Как только стало известно о смерти Эдуарда, члены совета, которые находились в Лондоне, собрались, чтобы обсудить, как должно выглядеть новое правительство. Было предложено два варианта. Во-первых, можно было установить протекторат, и, по мнению Манчини, именно такова была воля покойного короля. Единственным внушавшим доверие кандидатом на роль регента был Ричард, герцог Глостер, самый старший член королевской семьи. В тот момент он находился на севере Англии и командовал военными действиями против Шотландии. Узнав о кончине Эдуарда, Глостер сразу приехал в Йорк на церемонию похорон, где оплакивал потерю брата. Но горе не отвлекло его от политики: несмотря на скорбь, Глостер нашел время написать совету письмо, в котором он заявлял о своих правах регента. В Лондоне его кандидатуру горячо поддерживал барон Гастингс. Делал он это по двум причинам. Во-первых, он настороженно относился к Томасу Грею, маркизу Дорсету, и Вудвиллам, которые питали к нему «крайнюю неприязнь» и с которыми ему пришлось примириться при столь неловких обстоятельствах[411]. После смерти Эдуарда Гастингс потерял пост управляющего королевского двора. Возможно, он также опасался, что при правительстве Вудвиллов его лишат еще и должности командующего в Кале. Но второй и более важной причиной была верность королю. Ни один человек, кроме, возможно, Глостера, не был настолько близок и предан Эдуарду IV, как Гастингс, поэтому отстоять последнюю волю покойного государя было для него делом чести.

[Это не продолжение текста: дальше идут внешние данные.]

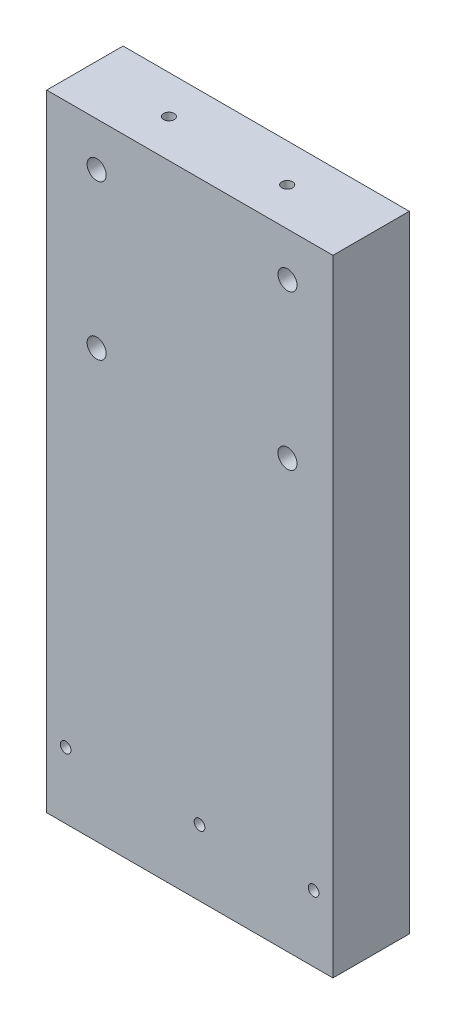
from build123d import *

# Parameters (mm, degrees)
SKETCH1_W           = 75
SKETCH1_H           = 164
SKETCH1_R           = 1.4
SKETCH1_R_2         = 2.5
BOSS_EXTRUDE1_DEPTH = 20
SKETCH2_R           = 1.4
CUT_EXTRUDE1_DEPTH  = 165


with BuildPart() as part:
    # Sketch1 → Boss-Extrude1 (new body)
    with BuildSketch(Plane.XY):
        Rectangle(SKETCH1_W, SKETCH1_H)
        with Locations((-32.5324139, -64.662730375)):
            Circle(SKETCH1_R, mode=Mode.SUBTRACT)
        with Locations((32.436706201, -64.662730375)):
            Circle(SKETCH1_R, mode=Mode.SUBTRACT)
        with Locations((2.542, -64.662730375)):
            Circle(SKETCH1_R, mode=Mode.SUBTRACT)
        with Locations((25.583768895, 30)):
            Circle(SKETCH1_R_2, mode=Mode.SUBTRACT)
        with Locations((-24.416231105, 70.5)):
            Circle(SKETCH1_R_2, mode=Mode.SUBTRACT)
        with Locations((25.583768895, 70.5)):
            Circle(SKETCH1_R_2, mode=Mode.SUBTRACT)
        with Locations((-24.416231105, 30)):
            Circle(SKETCH1_R_2, mode=Mode.SUBTRACT)
    extrude(amount=BOSS_EXTRUDE1_DEPTH)

    # Sketch2 → Cut-Extrude1 (cut, through all)
    with BuildSketch(Plane(origin=(0, 82, 0), x_dir=(1, 0, 0), z_dir=(0, 1, 0))):
        with Locations((15.509889123, -9.995038215)):
            Circle(SKETCH2_R)
        with Locations((-15.490110877, -9.995038215)):
            Circle(SKETCH2_R)
    extrude(amount=-CUT_EXTRUDE1_DEPTH, mode=Mode.SUBTRACT)


solid = part.part
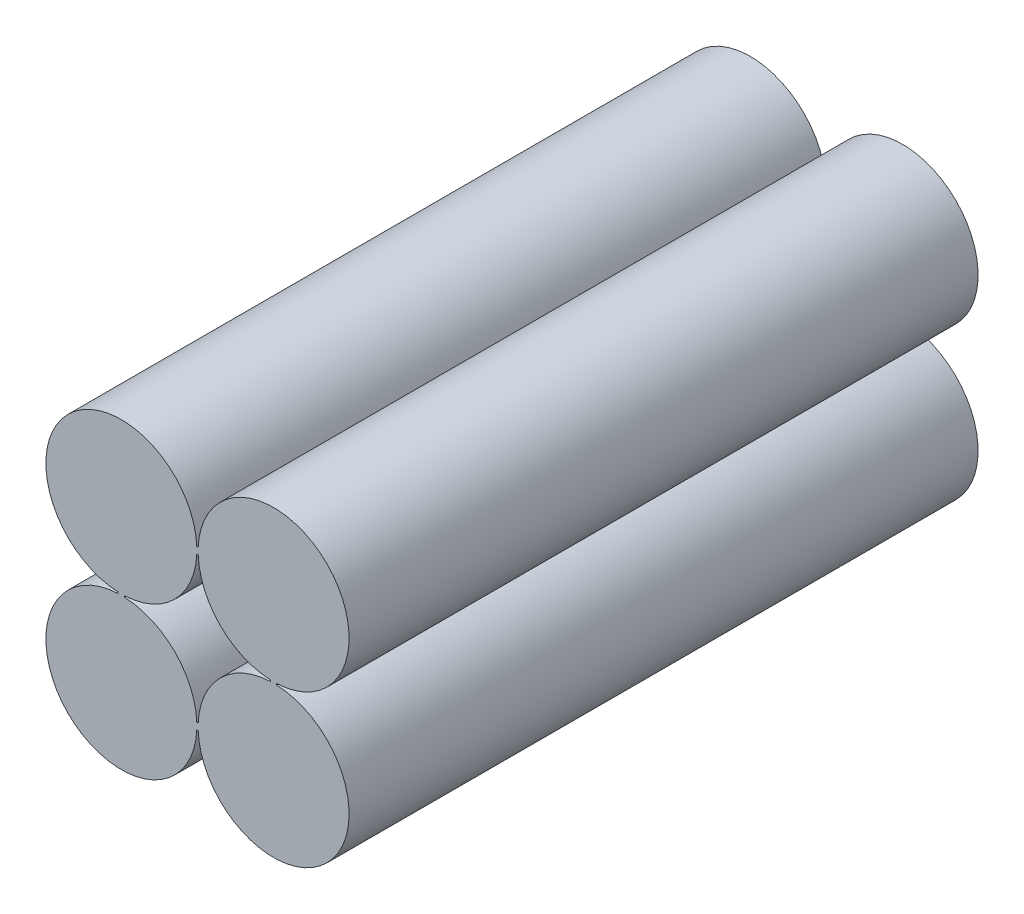
from build123d import *

# Parameters (mm, degrees)
BOSS_EXTRUDE1_DEPTH = 50


with BuildPart() as part:
    # Sketch1 → Boss-Extrude1 (new body)
    with BuildSketch(Plane.XY):
        with BuildLine():
            Line((5.994789404, 0.25), (6.105210596, 0.25))
            ThreePointArc((6.105210596, 0.25), (16.342640687, 4.242640687), (12.35, -5.994789404))
            Line((12.35, -5.994789404), (12.35, -6.105210596))
            ThreePointArc((12.35, -6.105210596), (16.342640687, -16.342640687), (6.105210596, -12.35))
            Line((6.105210596, -12.35), (5.994789404, -12.35))
            ThreePointArc((5.994789404, -12.35), (-4.242640687, -16.342640687), (-0.25, -6.105210596))
            Line((-0.25, -6.105210596), (-0.25, -5.994789404))
            ThreePointArc((-0.25, -5.994789404), (-4.242640687, 4.242640687), (5.994789404, 0.25))
        make_face()
        with BuildLine():
            Line((5.994789404, -0.25), (6.105210596, -0.25))
            ThreePointArc((6.105210596, -0.25), (7.857359313, -4.242640687), (11.85, -5.994789404))
            Line((11.85, -5.994789404), (11.85, -6.105210596))
            ThreePointArc((11.85, -6.105210596), (7.857359313, -7.857359313), (6.105210596, -11.85))
            Line((6.105210596, -11.85), (5.994789404, -11.85))
            ThreePointArc((5.994789404, -11.85), (4.242640687, -7.857359313), (0.25, -6.105210596))
            Line((0.25, -6.105210596), (0.25, -5.994789404))
            ThreePointArc((0.25, -5.994789404), (4.242640687, -4.242640687), (5.994789404, -0.25))
        make_face(mode=Mode.SUBTRACT)
    extrude(amount=BOSS_EXTRUDE1_DEPTH)


solid = part.part
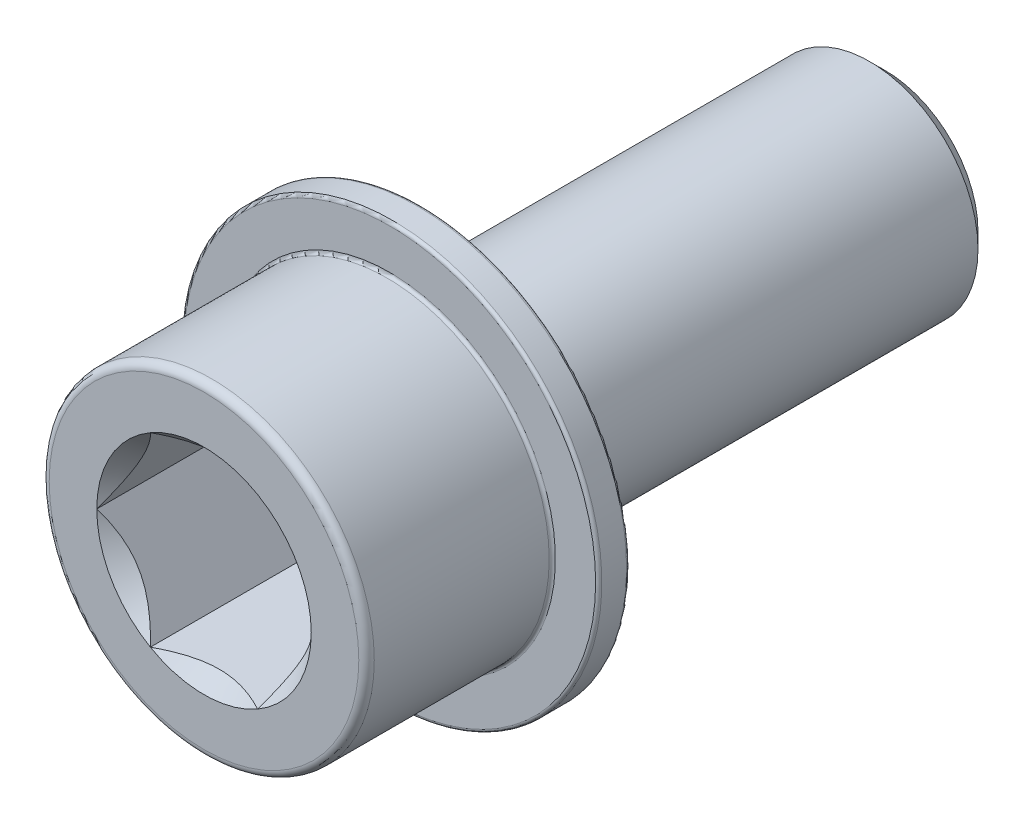
from build123d import *

# Parameters (mm, degrees)
SCHIZZO1_R                   = 7
ESTRUSIONE_ESTRUSIONE1_DEPTH = 30
SMUSSO1_SIZE                 = 1
SCHIZZO6_R                   = 10.5
ESTRUSIONE_ESTRUSIONE3_DEPTH = 14
TAGLIO_ESTRUSIONE3_DEPTH     = 10
SCHIZZO8_R                   = 6.92820323
TAGLIO_ESTRUSIONE4_DEPTH     = 1
TAGLIO_ESTRUSIONE4_TAPER     = 43
RACCORDO5_R                  = 0.5
SCHIZZO9_R                   = 13.5
SCHIZZO9_R_2                 = 10.5
ESTRUSIONE_ESTRUSIONE4_DEPTH = 2
RACCORDO6_R                  = 0.2


with BuildPart() as part:
    # Schizzo1 → Estrusione-Estrusione1 (new body)
    with BuildSketch(Plane.XY):
        Circle(SCHIZZO1_R)
    extrude(amount=ESTRUSIONE_ESTRUSIONE1_DEPTH)

    # Smusso1
    smusso1_edges = [part.edges().sort_by_distance(p)[0] for p in [
        (-7, 0, 0),
    ]]
    chamfer(smusso1_edges, length=SMUSSO1_SIZE)

    # Schizzo6 → Estrusione-Estrusione3 (add)
    with BuildSketch(Plane.XY.offset(30)):
        Circle(SCHIZZO6_R)
    extrude(amount=ESTRUSIONE_ESTRUSIONE3_DEPTH)

    # Schizzo7 → Taglio-Estrusione3 (cut)
    with BuildSketch(Plane.XY.offset(44)):
        Polygon((3.464101615, 6), (-3.464101615, 6), (-6.92820323, 0), (-3.464101615, -6), (3.464101615, -6), (6.92820323, 0), align=None)
    extrude(amount=-TAGLIO_ESTRUSIONE3_DEPTH, mode=Mode.SUBTRACT)

    # Schizzo8 → Taglio-Estrusione4 (cut)
    with BuildSketch(Plane.XY.offset(44)):
        Circle(SCHIZZO8_R)
    extrude(amount=-TAGLIO_ESTRUSIONE4_DEPTH, taper=TAGLIO_ESTRUSIONE4_TAPER, mode=Mode.SUBTRACT)

    # Raccordo5
    raccordo5_edges = [part.edges().sort_by_distance(p)[0] for p in [
        (-10.5, 0, 44),
    ]]
    fillet(raccordo5_edges, radius=RACCORDO5_R)

    # Schizzo9 → Estrusione-Estrusione4 (add)
    with BuildSketch(Plane(origin=(0, 0, 30), x_dir=(-1, 0, 0), z_dir=(0, 0, -1))):
        Circle(SCHIZZO9_R)
        Circle(SCHIZZO9_R_2, mode=Mode.SUBTRACT)
    extrude(amount=-ESTRUSIONE_ESTRUSIONE4_DEPTH)

    # Raccordo6
    raccordo6_edges = [part.edges().sort_by_distance(p)[0] for p in [
        (-10.5, 0, 32),
        (13.5, 0, 32),
        (13.5, 0, 30),
    ]]
    fillet(raccordo6_edges, radius=RACCORDO6_R)


solid = part.part
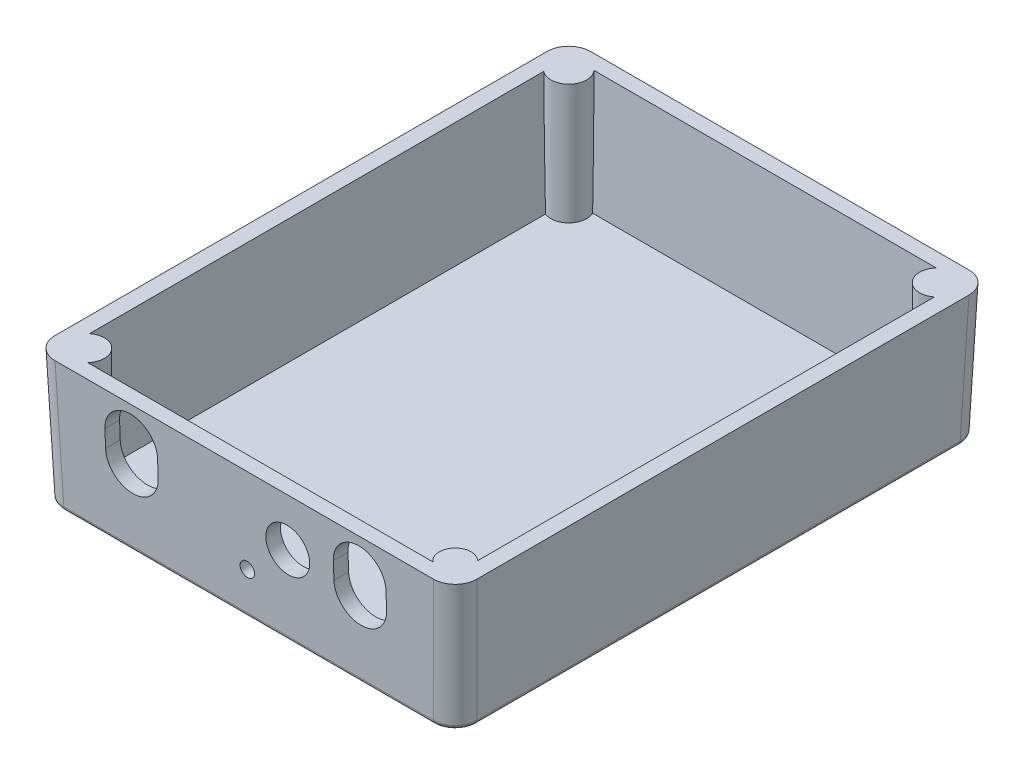
from build123d import *

# Parameters (mm, degrees)
SKETCH1_W               = 94.1
SKETCH1_H               = 120
BOSS_EXTRUDE1_DEPTH     = 29.82
BOSS_EXTRUDE1_TAPER     = -2
FILLET1_R               = 4.95
SKETCH3_W               = 89.06
SKETCH3_H               = 115.4
CUT_EXTRUDE1_DEPTH      = 27.4
CUT_EXTRUDE1_TAPER      = 2
SKETCH4_R               = 4.065
SKETCH4_R_2             = 3.612475726
BOSS_EXTRUDE2_DEPTH     = 29.82
CUT_EXTRUDE2_START      = 3
SKETCH6_R               = 6
SKETCH6_R_2             = 5
SKETCH6_R_3             = 1.65
CUT_EXTRUDE2_DEPTH      = 2.041337446
CUT_EXTRUDE2_DEPTH_BACK = 8
SKETCH8_R               = 2.625
SKETCH8_R_2             = 6.5
CUT_EXTRUDE3_DEPTH      = 5
FILLET2_R               = 1


with BuildPart() as part:
    # Sketch1 → Boss-Extrude1 (new body)
    with BuildSketch(Plane(origin=(0, 0, 0), x_dir=(1, 0, 0), z_dir=(0, 1, 0))):
        with Locations((47.05, 60)):
            Rectangle(SKETCH1_W, SKETCH1_H)
    extrude(amount=BOSS_EXTRUDE1_DEPTH, taper=BOSS_EXTRUDE1_TAPER)

    # Fillet1
    fillet1_edges = [part.edges().sort_by_distance(p)[0] for p in [
        (-0.520668673, 14.91, -120.520668673),
        (94.620668673, 14.91, -120.520668673),
        (94.620668673, 14.91, 0.520668673),
        (-0.520668673, 14.91, 0.520668673),
    ]]
    fillet(fillet1_edges, radius=FILLET1_R)

    # Sketch3 → Cut-Extrude1 (cut)
    with BuildSketch(Plane(origin=(0, 29.82, 0), x_dir=(1, 0, 0), z_dir=(0, 1, 0))):
        with Locations((47.05, 60)):
            Rectangle(SKETCH3_W, SKETCH3_H)
    extrude(amount=-CUT_EXTRUDE1_DEPTH, taper=CUT_EXTRUDE1_TAPER, mode=Mode.SUBTRACT)

    # Sketch4 → Boss-Extrude2 (add)
    with BuildSketch(Plane(origin=(0, 0, 0), x_dir=(1, 0, 0), z_dir=(0, 1, 0))):
        with Locations((5.028178417, 114.971821583)):
            Circle(SKETCH4_R)
        with Locations((89.071821583, 114.971821583)):
            Circle(SKETCH4_R)
        with Locations((5.028178417, 5.028178417)):
            Circle(SKETCH4_R)
        with Locations((89.071821583, 5.028178417)):
            Circle(SKETCH4_R_2)
    extrude(amount=BOSS_EXTRUDE2_DEPTH)

    # Sketch6 → Cut-Extrude2 (cut, two sides)
    with BuildSketch(Plane.XY.offset(CUT_EXTRUDE2_START)) as cut_extrude2_sk:
        with Locations((21.015, 17.82)):
            Circle(SKETCH6_R)
        with BuildLine():
            ThreePointArc((27.015, 21.82), (21.015, 27.82), (15.015, 21.82))
            ThreePointArc((15.015, 21.82), (15.101408642, 20.805388128), (15.358145751, 19.82))
            ThreePointArc((15.358145751, 19.82), (21.015, 23.82), (26.671854249, 19.82))
            ThreePointArc((26.671854249, 19.82), (26.928591358, 20.805388128), (27.015, 21.82))
        make_face()
        with Locations((56.575, 18.57)):
            Circle(SKETCH6_R_2)
        with Locations((73.085, 17.82)):
            Circle(SKETCH6_R)
        with BuildLine():
            ThreePointArc((79.085, 21.82), (73.085, 27.82), (67.085, 21.82))
            ThreePointArc((67.085, 21.82), (67.171408642, 20.805388128), (67.428145751, 19.82))
            ThreePointArc((67.428145751, 19.82), (73.085, 23.82), (78.741854249, 19.82))
            ThreePointArc((78.741854249, 19.82), (78.998591358, 20.805388128), (79.085, 21.82))
        make_face()
        with BuildLine():
            ThreePointArc((15.358145751, 19.82), (15.101408642, 20.805388128), (15.015, 21.82))
            Line((15.015, 21.82), (15.015, 17.82))
            ThreePointArc((15.015, 17.82), (15.101408642, 18.834611872), (15.358145751, 19.82))
        make_face()
        with BuildLine():
            Line((27.015, 17.82), (27.015, 21.82))
            ThreePointArc((27.015, 21.82), (26.928591358, 20.805388128), (26.671854249, 19.82))
            ThreePointArc((26.671854249, 19.82), (26.928591358, 18.834611872), (27.015, 17.82))
        make_face()
        with Locations((21.015, 21.82)):
            Circle(SKETCH6_R)
        with BuildLine():
            ThreePointArc((67.428145751, 19.82), (67.171408642, 20.805388128), (67.085, 21.82))
            Line((67.085, 21.82), (67.085, 17.82))
            ThreePointArc((67.085, 17.82), (67.171408642, 18.834611872), (67.428145751, 19.82))
        make_face()
        with BuildLine():
            Line((79.085, 17.82), (79.085, 21.82))
            ThreePointArc((79.085, 21.82), (78.998591358, 20.805388128), (78.741854249, 19.82))
            ThreePointArc((78.741854249, 19.82), (78.998591358, 18.834611872), (79.085, 17.82))
        make_face()
        with Locations((73.085, 21.82)):
            Circle(SKETCH6_R)
        with Locations((47.05, 9.82)):
            Circle(SKETCH6_R_3)
    extrude(amount=CUT_EXTRUDE2_DEPTH, mode=Mode.SUBTRACT)
    extrude(cut_extrude2_sk.sketch, amount=-CUT_EXTRUDE2_DEPTH_BACK, mode=Mode.SUBTRACT)

    # Sketch8 → Cut-Extrude3 (cut)
    with BuildSketch(Plane(origin=(0, 0, 0), x_dir=(-1, 0, 0), z_dir=(0, -1, 0))):
        with Locations((-71.815, 90.353)):
            Circle(SKETCH8_R)
        with Locations((-71.815, 103.053)):
            Circle(SKETCH8_R_2)
    extrude(amount=-CUT_EXTRUDE3_DEPTH, mode=Mode.SUBTRACT)

    # Fillet2
    fillet2_edges = [part.edges().sort_by_distance(p)[0] for p in [
        (94.1, 0, -60),
        (0, 0, -60),
        (47.05, 0, -120),
        (47.05, 0, 0),
        (1.448572949, 0, -118.551427051),
        (92.651427051, 0, -118.551427051),
        (1.448572949, 0, -1.448572949),
        (92.651427051, 0, -1.448572949),
    ]]
    fillet(fillet2_edges, radius=FILLET2_R)


solid = part.part

Тем не менее ни завещание Эдуарда, ни протесты его друзей ничего не значили. За Гастингса не проголосовали те члены совета, которые «отдали предпочтение семье королевы», и решено было не устанавливать протекторат — Эдуард V должен был немедленно начать править как совершеннолетний король, а созванному совету предстояло помогать ему. Коронацию назначили на 4 мая. Глостер был членом совета, но не имел никакого преимущества перед другими. Это была победа Вудвиллов, и, по утверждению Манчини, торжествующий Дорсет заявлял: «Мы настолько могущественны, что даже без дяди короля (Глостера) можем принимать и проводить решения в жизнь»[412]. 14 апреля в Ладлоу полетели письма, призывающие Риверса и Эдуарда V 1 мая приехать в Лондон в сопровождении небольшого войска, числом не более двух тысяч человек. Тем временем должны были состояться похороны покойного короля.

Церемония производила внушительное впечатление. В день смерти тело Эдуарда с обнаженной грудью было выставлено в Вестминстере и пролежало там двенадцать часов, чтобы его могли увидеть лорды, епископы и старейшины[413]. После этого до похорон прошло еще восемь дней, и только 20 апреля останки повезли в часовню Святого Георгия в Виндзоре, где прошла грандиозная торжественная служба и пели мессы по усопшему. Когда тело короля опустили в землю, его высшие сановники сломали церемониальные жезлы и бросили их на крышку гроба, что означало конец прежнего правления. Сразу же после этого королевские глашатаи громко прокричали: «Le roy est vive!» — «Да здравствует король!» И все внимание обратилось на Эдуарда V.